Sure, it's not generically true, but PhilGoetz is thinking about a specific application in which he claims that it is justified to regard the expert estimates as independent (conditional on Q, of course). I don't know enough about the relevant domain to assess his claim, but I'm willing to take him at his word.

I was just responding to your claim that the detectors must suck if the correlation is small. That would be true if the unconditional correlation were small, but its not true if the correlation is small conditional on Q.

Comment author: wnoise 20 October 2012 05:44:45AM 2 points [-]

The usual situation is that both detectors actually have some correlation to Q, and thereby have some correlation to each other.

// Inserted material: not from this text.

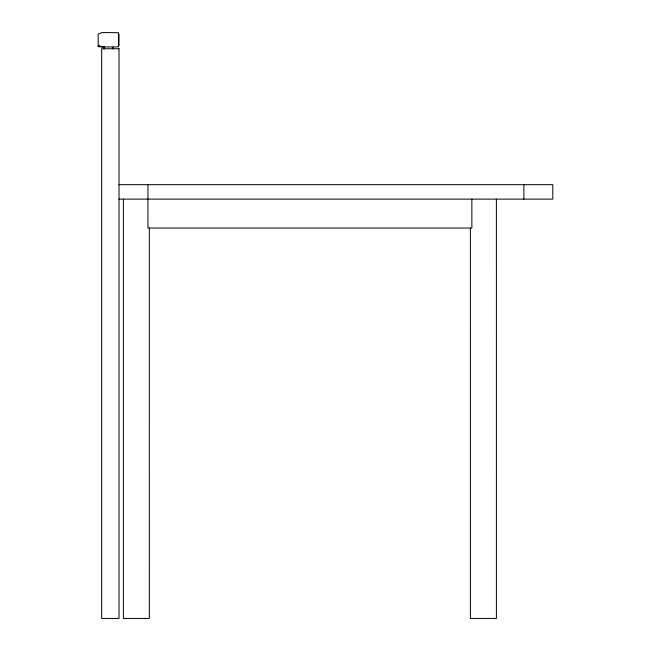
<?xml version="1.0" encoding="UTF-8"?>
<svg xmlns="http://www.w3.org/2000/svg" width="651" height="651" viewBox="0 0 651 651"><rect width="100%" height="100%" fill="white"/><g stroke="black" fill="none" stroke-linecap="round" stroke-linejoin="round"><path stroke-width="0.98" d="M118.441 45.936L118.441 46.88L102.191 47.01L98.195 45.562L99.351 45.562M98.195 46.481L101.084 46.327M99.351 46.799L104.559 46.799M119.019 184.664L552.805 184.664L552.805 199.125L119.019 199.125M523.884 184.664L523.884 199.125M496.387 199.125L496.412 618.45L470.388 618.45L470.404 228.045M471.861 199.125L471.861 228.045L147.956 228.045L147.94 184.664M149.339 228.045L149.307 618.45L123.397 618.45L123.397 199.125M119.019 33.909L119.019 45.651M118.441 46.457L118.441 32.68L102.191 32.55L98.195 33.998L98.195 46.864M112.949 47.01L112.949 48.98M104.266 47.01L104.266 48.98M119.019 48.744L101.67 48.744L101.67 618.45L119.019 618.45L119.019 48.744"/></g></svg>

This need not be the case. Consider a random variable Z that is the sum of two random independent variables X and Y. Expert A knows X, and is thus correlated with Z. Expert B knows Y and is thus correlated with Z. Expert A and B can still be uncorrelated. In fact, you can make X and Y slightly anticorrelated, and still have them both be positively correlated with Z.

Comment author: buybuydandavis 20 October 2012 08:47:27AM 0 points [-]

Just consider the limiting case - both are perfect predictors of Q, with value 1 for Q, and value 0 for not Q. And therefore, perfectly correlated.

Consider small deviations from those perfect predictors. The correlation would still be large. Sometimes more, sometimes less, depending on the details of both predictors. Sometimes they will be more correlated with each other than with Q, sometimes more correlated with Q than each other. The degree of correlation with of A and B with Q will impose limits on the degree of correlation between A and B.

And of course, correlation isn't really the issue here anyway, much more like mutual information, with the same sort of triangle inequality limits to the mutual information.

If someone is feeling energetic and really wants to work this our, I'd recommend looking into triangle inequalities for mutual information measures, and the previously mentioned work by Jaynes on the maximum entropy estimate of a variable from it's known correlation with two other variables, and how that constrains the maximum entropy estimate of the correlation between the other two.